West Michigan Pharmacists Unite To Fight Crime
MUSKEGON, Mich. (Feb. 19, 2014) – Criminals in Muskegon County have been put on notice; pharmacies are teaming up with law enforcement agencies to catch them in the act.
It’s a program that has shown results before and now Ken Fagerman, the person responsible for bringing this partnership to West Michigan, is hoping to duplicate that success.
“People will try just about anything and everything to obtain narcotics illicitly,” Fagerman said. “Forging prescriptions, stolen prescription pads are some of the most common techniques.”
Others are more brazen, committing armed robbery or breaking into pharmacies after hours to get their hands on pills. As a pharmacist Fagerman said he has had his life threatened on the job, something most pharmacists don’t sign up for.
“The level of violence has steadily increased and that is why we find a need for these types of programs and help pharmacists protect themselves,” he said.
He’s also the man behind Muskegon’s new program which pairs pharmacists in Muskegon County with police.
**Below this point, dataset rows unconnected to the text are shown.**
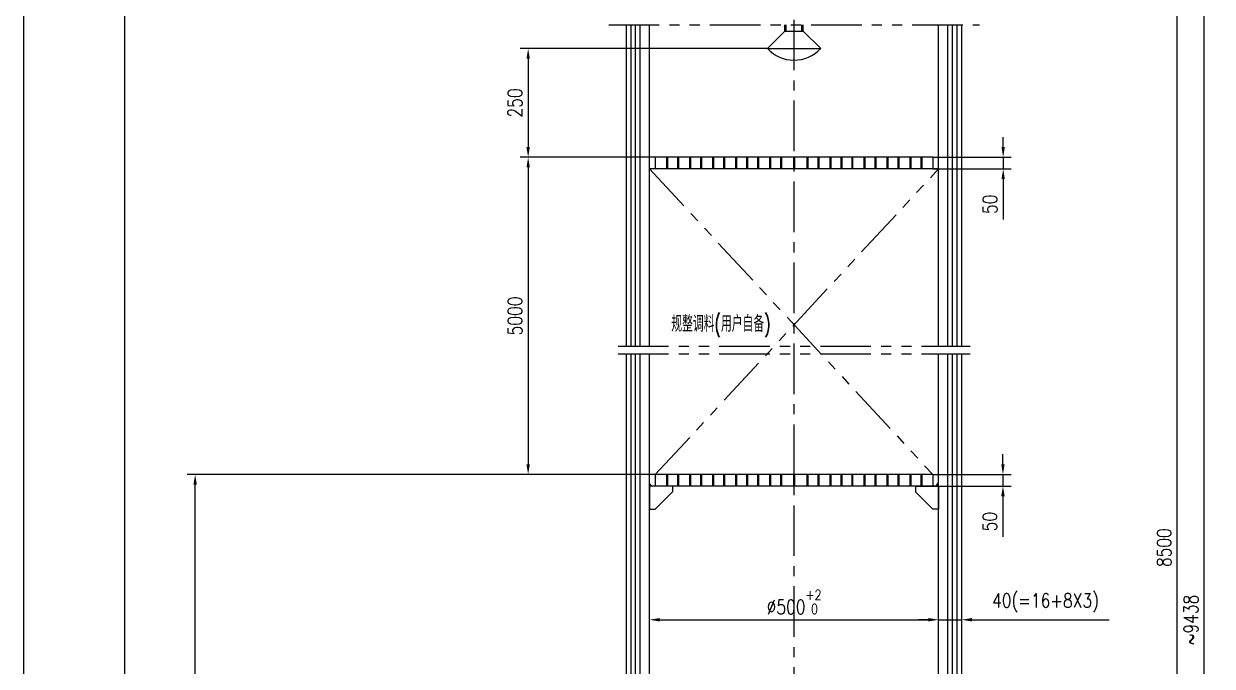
# Model space of a CAD drawing. Header units: millimetres. Extents: x -175 to 3983, y -70 to 5817.
# Drawn here: x -175 to 1881, y 3407 to 4518 of the extents above; entities that cross this region are included whole.
import ezdxf

# ---------------------------------------------------------------- set-up
doc = ezdxf.new("R2010")
doc.units = ezdxf.units.MM
doc.header["$LTSCALE"] = 70
doc.linetypes.add('CENTER', pattern=[2, 1.25, -0.25, 0.25, -0.25])
doc.linetypes.add('PHANTOM', pattern=[2.5, 1.25, -0.25, 0.25, -0.25, 0.25, -0.25])
for name, color, linetype in [('1轮廓实线层', 7, 'Continuous'), ('2细线层', 4, 'Continuous'), ('3中心线层', 1, 'CENTER'), ('6', 3, 'Continuous'), ('7标注层', 4, 'Continuous'), ('9双点划线层', 6, 'PHANTOM'), ('图框层', 7, 'Continuous')]:
    doc.layers.add(name, color=color, linetype=linetype)
doc.styles.add('HZ', font='txt', dxfattribs={"width": 0.9, "bigfont": 'hztxt'})
doc.styles.add('TH_GBDIM', font='romans.shx', dxfattribs={"width": 0.8, "bigfont": 'gbcbig.shx'})
doc.dimstyles.new('TH_GBDIM', dxfattribs={"dimscale": 7, "dimtxt": 3.5, "dimasz": 2.5, "dimexe": 2, "dimexo": 0, "dimgap": 1.5, "dimtad": 1, "dimdec": 1, "dimzin": 0, "dimdsep": 46, "dimtxsty": 'TH_GBDIM', "dimcen": 2.5, "dimclrd": 130, "dimclre": 130, "dimclrt": 3, "dimadec": 0, "dimazin": 0, "dimtfac": 0.714286, "dimtdec": 1, "dimtmove": 0, "dimatfit": 3, "dimfxl": 0, "dimtzin": 0, "dimlwd": -1, "dimlwe": -1, "dimarcsym": 0})

# ---------------------------------------------------------------- blocks, each defined once
blk = doc.blocks.new('*D8')
at = {"layer": '7标注层', "color": 130}
for p, q in [((1111.3, 4475.6), (683.4, 4475.6)), ((697.4, 4458.1), (697.4, 4305.1)), ((924.9, 4287.6), (683.4, 4287.6))]:
    blk.add_line(p, q, dxfattribs=at)
for points in [[(694.5, 4458.1), (700.3, 4458.1), (697.4, 4475.6)], [(694.5, 4305.1), (700.3, 4305.1), (697.4, 4287.6)]]:
    blk.add_solid(points, dxfattribs=at)
at = {"layer": 'Defpoints', "color": 0}
for p in [(1111.3, 4475.6), (697.4, 4287.6), (924.9, 4287.6)]:
    blk.add_point(p, dxfattribs=at)
at = {"layer": '7标注层', "color": 3, "insert": (674.7, 4381.6), "char_height": 24.5, "attachment_point": 5, "rotation": 90, "style": 'TH_GBDIM'}
blk.add_mtext('250{}{}', dxfattribs=at)
blk = doc.blocks.new('*D9')
at = {"layer": '7标注层', "color": 130}
for p, q in [((868.4, 4287.6), (683.4, 4287.6)), ((697.4, 4270.1), (697.4, 3756.4)), ((917.3, 3738.9), (683.4, 3738.9))]:
    blk.add_line(p, q, dxfattribs=at)
for points in [[(694.5, 4270.1), (700.3, 4270.1), (697.4, 4287.6)], [(694.5, 3756.4), (700.3, 3756.4), (697.4, 3738.9)]]:
    blk.add_solid(points, dxfattribs=at)
at = {"layer": 'Defpoints', "color": 0}
for p in [(868.4, 4287.6), (697.4, 3738.9), (917.3, 3738.9)]:
    blk.add_point(p, dxfattribs=at)
at = {"layer": '7标注层', "color": 3, "insert": (674.7, 4013.2), "char_height": 24.5, "attachment_point": 5, "rotation": 90, "style": 'TH_GBDIM'}
blk.add_mtext('5000{}{}', dxfattribs=at)
blk = doc.blocks.new('*D11')
at = {"layer": '7标注层', "color": 130}
for p, q in [((907.3, 3475.6), (907.3, 3501.7)), ((1407.3, 3475.6), (1407.3, 3501.7)), ((924.8, 3487.7), (1389.8, 3487.7))]:
    blk.add_line(p, q, dxfattribs=at)
for points in [[(924.8, 3490.6), (924.8, 3484.8), (907.3, 3487.7)], [(1389.8, 3490.6), (1389.8, 3484.8), (1407.3, 3487.7)]]:
    blk.add_solid(points, dxfattribs=at)
at = {"layer": 'Defpoints', "color": 0}
for p in [(907.3, 3475.6), (1407.3, 3487.7), (1407.3, 3475.6)]:
    blk.add_point(p, dxfattribs=at)
at = {"layer": '7标注层', "color": 3, "insert": (1157.3, 3518.6), "char_height": 24.5, "attachment_point": 5, "style": 'TH_GBDIM'}
blk.add_mtext('%%c500{}{\\H0.7143x;\\S+2^  0;}', dxfattribs=at)
blk = doc.blocks.new('*D12')
at = {"layer": '7标注层', "color": 130}
for p, q in [((1407.3, 3454.9), (1407.3, 3501.7)), ((1447.3, 3454.9), (1447.3, 3501.7)), ((1389.8, 3487.7), (1372.3, 3487.7)), ((1407.3, 3487.7), (1447.3, 3487.7)), ((1464.8, 3487.7), (1702.1, 3487.7))]:
    blk.add_line(p, q, dxfattribs=at)
for points in [[(1389.8, 3490.6), (1389.8, 3484.8), (1407.3, 3487.7)], [(1464.8, 3490.6), (1464.8, 3484.8), (1447.3, 3487.7)]]:
    blk.add_solid(points, dxfattribs=at)
at = {"layer": 'Defpoints', "color": 0}
for p in [(1447.3, 3487.7), (1407.3, 3454.9), (1447.3, 3454.9)]:
    blk.add_point(p, dxfattribs=at)
at = {"layer": '7标注层', "color": 3, "insert": (1592.2, 3516.9), "char_height": 24.5, "attachment_point": 5, "style": 'TH_GBDIM'}
blk.add_mtext('40(=16+8X3)', dxfattribs=at)
blk = doc.blocks.new('*D21')
at = {"layer": '7标注层', "color": 130}
for p, q in [((1532.3, 5107.7), (1834.1, 5107.7)), ((1820.1, 2351.6), (1820.1, 5090.2)), ((1374.6, 2334.1), (1834.1, 2334.1))]:
    blk.add_line(p, q, dxfattribs=at)
for points in [[(1817.2, 5090.2), (1823.1, 5090.2), (1820.1, 5107.7)], [(1817.2, 2351.6), (1823.1, 2351.6), (1820.1, 2334.1)]]:
    blk.add_solid(points, dxfattribs=at)
at = {"layer": 'Defpoints', "color": 0}
for p in [(1532.3, 5107.7), (1820.1, 5107.7), (1374.6, 2334.1)]:
    blk.add_point(p, dxfattribs=at)
at = {"layer": '7标注层', "color": 3, "insert": (1797.4, 3612.4), "char_height": 24.5, "attachment_point": 5, "rotation": 90, "style": 'TH_GBDIM'}
blk.add_mtext('8500{}{}', dxfattribs=at)
blk = doc.blocks.new('*D22')
at = {"layer": '7标注层', "color": 130}
for p, q in [((1532.3, 5229.2), (1880.6, 5229.2)), ((1866.6, 1535.6), (1866.6, 5211.7)), ((1512.3, 1518.1), (1880.6, 1518.1))]:
    blk.add_line(p, q, dxfattribs=at)
for points in [[(1863.7, 5211.7), (1869.5, 5211.7), (1866.6, 5229.2)], [(1863.7, 1535.6), (1869.5, 1535.6), (1866.6, 1518.1)]]:
    blk.add_solid(points, dxfattribs=at)
at = {"layer": 'Defpoints', "color": 0}
for p in [(1532.3, 5229.2), (1866.6, 5229.2), (1512.3, 1518.1)]:
    blk.add_point(p, dxfattribs=at)
at = {"layer": '7标注层', "color": 3, "insert": (1843.8, 3487.3), "char_height": 24.5, "attachment_point": 5, "rotation": 90, "style": 'TH_GBDIM'}
blk.add_mtext('~9438', dxfattribs=at)
blk = doc.blocks.new('*D58')
at = {"color": 130}
for p, q in [((1518.6, 3756.4), (1518.6, 3773.9)), ((1397.3, 3738.9), (1532.6, 3738.9)), ((1518.6, 3738.9), (1518.6, 3718.9)), ((1397.3, 3718.9), (1532.6, 3718.9)), ((1518.6, 3701.4), (1518.6, 3631.1))]:
    blk.add_line(p, q, dxfattribs=at)
for points in [[(1515.7, 3756.4), (1521.5, 3756.4), (1518.6, 3738.9)], [(1515.7, 3701.4), (1521.5, 3701.4), (1518.6, 3718.9)]]:
    blk.add_solid(points, dxfattribs=at)
at = {"layer": 'Defpoints', "color": 0}
for p in [(1397.3, 3738.9), (1397.3, 3718.9), (1518.6, 3718.9)]:
    blk.add_point(p, dxfattribs=at)
at = {"color": 3, "insert": (1495.8, 3657.5), "char_height": 24.5, "attachment_point": 5, "rotation": 90, "style": 'TH_GBDIM'}
blk.add_mtext('50{}{}', dxfattribs=at)
blk = doc.blocks.new('*D59')
at = {"color": 130}
for p, q in [((1519, 4305.1), (1519, 4322.6)), ((1397.3, 4287.6), (1533, 4287.6)), ((1519, 4287.6), (1519, 4267.6)), ((1397.3, 4267.6), (1533, 4267.6)), ((1519, 4250.1), (1519, 4179.9))]:
    blk.add_line(p, q, dxfattribs=at)
for points in [[(1516.1, 4305.1), (1521.9, 4305.1), (1519, 4287.6)], [(1516.1, 4250.1), (1521.9, 4250.1), (1519, 4267.6)]]:
    blk.add_solid(points, dxfattribs=at)
at = {"layer": 'Defpoints', "color": 0}
for p in [(1397.3, 4287.6), (1397.3, 4267.6), (1519, 4267.6)]:
    blk.add_point(p, dxfattribs=at)
at = {"color": 3, "insert": (1496.3, 4206.3), "char_height": 24.5, "attachment_point": 5, "rotation": 90, "style": 'TH_GBDIM'}
blk.add_mtext('50{}{}', dxfattribs=at)
blk = doc.blocks.new('*D64')
at = {"layer": '7标注层', "color": 130}
for p, q in [((774.6, 3738.9), (107.4, 3738.9)), ((121.4, 2873.4), (121.4, 3721.4)), ((177.9, 2855.9), (107.4, 2855.9))]:
    blk.add_line(p, q, dxfattribs=at)
for points in [[(118.5, 3721.4), (124.3, 3721.4), (121.4, 3738.9)], [(118.5, 2873.4), (124.3, 2873.4), (121.4, 2855.9)]]:
    blk.add_solid(points, dxfattribs=at)
at = {"layer": 'Defpoints', "color": 0}
for p in [(121.4, 3738.9), (774.6, 3738.9), (177.9, 2855.9)]:
    blk.add_point(p, dxfattribs=at)
at = {"layer": '7标注层', "color": 3, "insert": (98.6, 3297.4), "char_height": 24.5, "attachment_point": 5, "rotation": 90, "style": 'TH_GBDIM'}
blk.add_mtext('855{}{}', dxfattribs=at)

msp = doc.modelspace()

# ---------------------------------------------------------------- linework, layer by layer
for p, q in [((867.34, 3960.68), (867.34, 4516.49)), ((875.34, 3960.68), (875.34, 4516.49)), ((883.34, 3960.68), (883.34, 4516.49)), ((891.34, 3960.68), (891.34, 4516.49)), ((907.34, 3960.68), (907.34, 4516.49)), ((1141.34, 4505.61), (1111.34, 4475.61)), ((1141.34, 4505.61), (1141.34, 4516.49)), ((1141.34, 4505.61), (1173.34, 4505.61)), ((1143.84, 4505.61), (1143.84, 4516.49)), ((1170.84, 4505.61), (1170.84, 4516.49)), ((1173.34, 4505.61), (1173.34, 4516.49)), ((1173.34, 4505.61), (1203.34, 4475.61)), ((1407.34, 3960.68), (1407.34, 4516.49)), ((1423.34, 3960.68), (1423.34, 4516.49)), ((1431.34, 3960.68), (1431.34, 4516.49)), ((1439.34, 3960.68), (1439.34, 4516.49)), ((1447.34, 3960.68), (1447.34, 4516.49)), ((1111.34, 4475.61), (1203.34, 4475.61)), ((917.34, 4287.62), (917.34, 4267.62)), ((1397.34, 4287.62), (917.34, 4287.62)), ((936.56, 4287.62), (936.56, 4267.62)), ((938.23, 4287.62), (938.23, 4267.62)), ((955.49, 4287.62), (955.49, 4267.62)), ((957.16, 4287.62), (957.16, 4267.62)), ((976.38, 4287.62), (976.38, 4267.62)), ((978.05, 4287.62), (978.05, 4267.62)), ((995.31, 4287.62), (995.31, 4267.62)), ((996.98, 4287.62), (996.98, 4267.62)), ((1016.2, 4287.62), (1016.2, 4267.62)), ((1017.87, 4287.62), (1017.87, 4267.62)), ((1035.13, 4287.62), (1035.13, 4267.62)), ((1036.8, 4287.62), (1036.8, 4267.62)), ((1056.03, 4287.62), (1056.03, 4267.62)), ((1057.7, 4287.62), (1057.7, 4267.62)), ((1074.96, 4287.62), (1074.96, 4267.62)), ((1076.62, 4287.62), (1076.62, 4267.62)), ((1093.88, 4287.62), (1093.88, 4267.62)), ((1095.55, 4287.62), (1095.55, 4267.62)), ((1114.78, 4287.62), (1114.78, 4267.62)), ((1116.45, 4287.62), (1116.45, 4267.62)), ((1133.71, 4287.62), (1133.71, 4267.62)), ((1135.38, 4287.62), (1135.38, 4267.62)), ((1156.47, 4287.62), (1156.47, 4267.62)), ((1158.14, 4287.62), (1158.14, 4267.62)), ((1179.3, 4287.62), (1179.3, 4267.62)), ((1180.96, 4287.62), (1180.96, 4267.62)), ((1198.22, 4287.62), (1198.22, 4267.62)), ((1199.89, 4287.62), (1199.89, 4267.62)), ((1219.12, 4287.62), (1219.12, 4267.62)), ((1220.79, 4287.62), (1220.79, 4267.62)), ((1238.05, 4287.62), (1238.05, 4267.62)), ((1239.72, 4287.62), (1239.72, 4267.62)), ((1256.97, 4287.62), (1256.97, 4267.62)), ((1258.64, 4287.62), (1258.64, 4267.62)), ((1277.87, 4287.62), (1277.87, 4267.62)), ((1279.54, 4287.62), (1279.54, 4267.62)), ((1296.8, 4287.62), (1296.8, 4267.62)), ((1298.47, 4287.62), (1298.47, 4267.62)), ((1317.69, 4287.62), (1317.69, 4267.62)), ((1319.36, 4287.62), (1319.36, 4267.62)), ((1336.62, 4287.62), (1336.62, 4267.62)), ((1338.29, 4287.62), (1338.29, 4267.62)), ((1357.51, 4287.62), (1357.51, 4267.62)), ((1359.18, 4287.62), (1359.18, 4267.62)), ((1376.44, 4287.62), (1376.44, 4267.62)), ((1378.11, 4287.62), (1378.11, 4267.62)), ((1397.34, 4287.62), (1397.34, 4267.62)), ((1407.34, 4267.62), (907.34, 4267.62)), ((867.34, 2957.28), (867.34, 3947.46)), ((875.34, 2952.66), (875.34, 3947.46)), ((883.34, 2948.04), (883.34, 3947.46)), ((891.34, 2943.43), (891.34, 3947.46)), ((907.34, 2897.38), (907.34, 3947.46)), ((1407.34, 2749.51), (1407.34, 3947.46)), ((1423.34, 2991.18), (1423.34, 3947.46)), ((1431.34, 2995.91), (1431.34, 3947.46)), ((1439.34, 3000.42), (1439.34, 3947.46)), ((1447.34, 3004.93), (1447.34, 3947.46)), ((911.06, 3718.88), (907.34, 3723.3)), ((1397.34, 3738.88), (917.34, 3738.88)), ((917.34, 3738.88), (917.34, 3718.88)), ((936.56, 3738.88), (936.56, 3718.88)), ((938.23, 3738.88), (938.23, 3718.88)), ((955.49, 3738.88), (955.49, 3718.88)), ((957.16, 3738.88), (957.16, 3718.88)), ((976.38, 3738.88), (976.38, 3718.88)), ((978.05, 3738.88), (978.05, 3718.88)), ((995.31, 3738.88), (995.31, 3718.88)), ((996.98, 3738.88), (996.98, 3718.88)), ((1016.2, 3738.88), (1016.2, 3718.88)), ((1017.87, 3738.88), (1017.87, 3718.88)), ((1035.13, 3738.88), (1035.13, 3718.88)), ((1036.8, 3738.88), (1036.8, 3718.88)), ((1056.03, 3738.88), (1056.03, 3718.88)), ((1057.7, 3738.88), (1057.7, 3718.88)), ((1074.96, 3738.88), (1074.96, 3718.88)), ((1076.62, 3738.88), (1076.62, 3718.88)), ((1093.88, 3738.88), (1093.88, 3718.88)), ((1095.55, 3738.88), (1095.55, 3718.88)), ((1114.78, 3738.88), (1114.78, 3718.88)), ((1116.45, 3738.88), (1116.45, 3718.88)), ((1133.71, 3738.88), (1133.71, 3718.88)), ((1135.38, 3738.88), (1135.38, 3718.88)), ((1156.47, 3738.88), (1156.47, 3718.88)), ((1158.14, 3738.88), (1158.14, 3718.88)), ((1179.3, 3738.88), (1179.3, 3718.88)), ((1180.96, 3738.88), (1180.96, 3718.88)), ((1198.22, 3738.88), (1198.22, 3718.88)), ((1199.89, 3738.88), (1199.89, 3718.88)), ((1219.12, 3738.88), (1219.12, 3718.88)), ((1220.79, 3738.88), (1220.79, 3718.88)), ((1238.05, 3738.88), (1238.05, 3718.88)), ((1239.72, 3738.88), (1239.72, 3718.88)), ((1256.97, 3738.88), (1256.97, 3718.88)), ((1258.64, 3738.88), (1258.64, 3718.88)), ((1277.87, 3738.88), (1277.87, 3718.88)), ((1279.54, 3738.88), (1279.54, 3718.88)), ((1296.8, 3738.88), (1296.8, 3718.88)), ((1298.47, 3738.88), (1298.47, 3718.88)), ((1317.69, 3738.88), (1317.69, 3718.88)), ((1319.36, 3738.88), (1319.36, 3718.88)), ((1336.62, 3738.88), (1336.62, 3718.88)), ((1338.29, 3738.88), (1338.29, 3718.88)), ((1357.51, 3738.88), (1357.51, 3718.88)), ((1359.18, 3738.88), (1359.18, 3718.88)), ((1376.44, 3738.88), (1376.44, 3718.88)), ((1378.11, 3738.88), (1378.11, 3718.88)), ((1397.34, 3738.88), (1397.34, 3718.88)), ((1402.94, 3718.88), (1407.34, 3724.88)), ((1407.34, 3718.88), (907.34, 3718.88)), ((1141.34, 3718.88), (907.34, 3718.88)), ((947.34, 3708.88), (917.34, 3678.88)), ((947.34, 3718.88), (947.34, 3708.88)), ((1367.34, 3718.88), (1367.34, 3708.88)), ((1367.34, 3708.88), (1397.34, 3678.88)), ((907.34, 3678.88), (917.34, 3678.88)), ((1407.34, 3678.88), (1397.34, 3678.88))]:
    msp.add_line(p, q)
msp.add_arc((1157.34, 4518.51), 62.9, 223.00287, 316.99713)
at = {"layer": '1轮廓实线层'}
for p, q in [((947.34, 3718.88), (907.34, 3718.88)), ((907.34, 3718.88), (907.34, 3678.88)), ((1367.34, 3718.88), (1407.34, 3718.88)), ((1407.34, 3718.88), (1407.34, 3678.88))]:
    msp.add_line(p, q, dxfattribs=at)
at = {"layer": '2细线层'}
msp.add_line((-175, -70), (-175, 5817), dxfattribs=at)
at = {"layer": '3中心线层'}
msp.add_line((1157.34, 2758.04), (1157.34, 5438.46), dxfattribs=at)
at = {"layer": '9双点划线层'}
for p, q in [((836.75, 4516.49), (1477.92, 4516.49)), ((907.34, 4267.62), (1397.34, 3738.88)), ((917.34, 3738.88), (1407.34, 4267.62)), ((852.88, 3960.68), (1461.79, 3960.68)), ((852.88, 3947.46), (1461.79, 3947.46))]:
    msp.add_line(p, q, dxfattribs=at)
at = {"layer": '图框层'}
msp.add_line((0, 0), (0, 5747), dxfattribs=at)

# ---------------------------------------------------------------- texts
at = {"layer": '6', "style": 'HZ', "width": 0.667}
msp.add_text('规整调料(用户自备)', height=28, dxfattribs=at).set_placement((944.97, 3985.61))

# ---------------------------------------------------------------- dimensions: what is measured, and where the dimension line sits
dim = msp.add_linear_dim(base=(1519.02, 4267.62), p1=(1397.34, 4287.62), p2=(1397.34, 4267.62), angle=90, text='50{}{}', dimstyle='TH_GBDIM', override={"dimgap": 1.5, "dimtad": 1, "dimjust": 0, "dimdec": 1, "dimlfac": 1, "dimse1": 0, "dimse2": 0, "dimsd1": 0, "dimsd2": 0})
dim.commit()
dim.dimension.update_dxf_attribs({"geometry": '*D59', "text_midpoint": (1496.27, 4206.25)})
dim = msp.add_linear_dim(base=(1518.57, 3718.88), p1=(1397.34, 3738.88), p2=(1397.34, 3718.88), angle=90, text='50{}{}', dimstyle='TH_GBDIM', override={"dimgap": 1.5, "dimtad": 1, "dimjust": 0, "dimdec": 1, "dimlfac": 1, "dimse1": 0, "dimse2": 0, "dimsd1": 0, "dimsd2": 0})
dim.commit()
dim.dimension.update_dxf_attribs({"geometry": '*D58', "text_midpoint": (1518.57, 3657.51), "dimtype": 160})
at = {"layer": '7标注层'}
for base, p1, p2, angle, text, override, picture, middle in [((1866.59, 5229.16), (1512.34, 1518.09), (1532.34, 5229.16), 90, '~9438', {"dimgap": 1.5, "dimtad": 1, "dimjust": 0, "dimdec": 1, "dimlfac": 1, "dimse1": 0, "dimse2": 0, "dimsd1": 0, "dimsd2": 0}, '*D22', (1866.59, 3487.34)), ((1820.14, 5107.66), (1374.58, 2334.09), (1532.34, 5107.66), 90, '8500{}{}', {"dimgap": 1.5, "dimtad": 1, "dimjust": 0, "dimdec": 1, "dimlfac": 1, "dimse1": 0, "dimse2": 0, "dimsd1": 0, "dimsd2": 0}, '*D21', (1820.14, 3612.41)), ((121.4, 3738.88), (177.87, 2855.88), (774.62, 3738.88), 90, '855{}{}', {"dimgap": 1.5, "dimtad": 1, "dimjust": 0, "dimdec": 1, "dimlfac": 1, "dimse1": 0, "dimse2": 0, "dimsd1": 0, "dimsd2": 0}, '*D64', (121.4, 3297.38)), ((1407.34, 3487.68), (907.34, 3475.61), (1407.34, 3475.61), 180, '%%c<>{}{\\H0.7143x;\\S+2^  0;}', {"dimgap": 1.5, "dimtad": 1, "dimdec": 0, "dimlfac": 1, "dimse1": 0, "dimse2": 0, "dimsd1": 0, "dimsd2": 0}, '*D11', (1157.34, 3487.68))]:
    dim = msp.add_linear_dim(base=base, p1=p1, p2=p2, angle=angle, text=text, dimstyle='TH_GBDIM', override=override, dxfattribs=at)
    dim.commit()
    dim.dimension.update_dxf_attribs({"geometry": picture, "text_midpoint": middle, "dimtype": 160})
for base, p1, p2, text, override, picture, middle in [((697.43, 4287.62), (1111.34, 4475.61), (924.87, 4287.62), '250{}{}', {"dimgap": 1.5, "dimtad": 1, "dimjust": 0, "dimdec": 0, "dimlfac": 1, "dimse1": 0, "dimse2": 0, "dimsd1": 0, "dimsd2": 0}, '*D8', (674.68, 4381.61)), ((697.43, 3738.88), (868.38, 4287.62), (917.34, 3738.88), '5000{}{}', {"dimgap": 1.5, "dimtad": 1, "dimjust": 0, "dimdec": 1, "dimlfac": 1, "dimse1": 0, "dimse2": 0, "dimsd1": 0, "dimsd2": 0}, '*D9', (674.68, 4013.25))]:
    dim = msp.add_linear_dim(base=base, p1=p1, p2=p2, angle=90, text=text, dimstyle='TH_GBDIM', override=override, dxfattribs=at)
    dim.commit()
    dim.dimension.update_dxf_attribs({"geometry": picture, "text_midpoint": middle})
dim = msp.add_linear_dim(base=(1447.34, 3487.68), p1=(1407.34, 3454.92), p2=(1447.34, 3454.92), text='40(=16+8X3)', dimstyle='TH_GBDIM', override={"dimgap": 1.5, "dimtad": 1, "dimdec": 0, "dimlfac": 1, "dimse1": 0, "dimse2": 0, "dimsd1": 0, "dimsd2": 0}, dxfattribs=at)
dim.commit()
dim.dimension.update_dxf_attribs({"geometry": '*D12', "text_midpoint": (1592.24, 3487.68), "dimtype": 160})

doc.saveas('drawing.dxf')

A program he started in Indiana back in 2012 when that state led the nation for pharmacy armed robberies.
“But in South Bend Indiana, and the program I started with police there, we had none,” said Fagerman.
Here’s how it works; if a pharmacist notices someone trying to pass a fake prescription they can alert others, like a hotline for area pharmacists. The plan has been in place for years but recently Muskegon County law enforcement were invited in on the conversation and crimes are being solved.
Police said in the past three months, they’ve made three arrests for people trying to get pills with fake prescriptions. Fagerman hopes to take this program nationwide. He said once criminals become aware that certain cities are using this program they will typically take their criminal activity to another community that doesn’t track behavior. His theory, if everyone is on board the criminals will have nowhere to hide.
If you would like to know more about the person behind the program, Fagerman wrote ‘Staring Down the Barrel: A Pharmacists’ Guide To Diversion and Coping with Robbery’.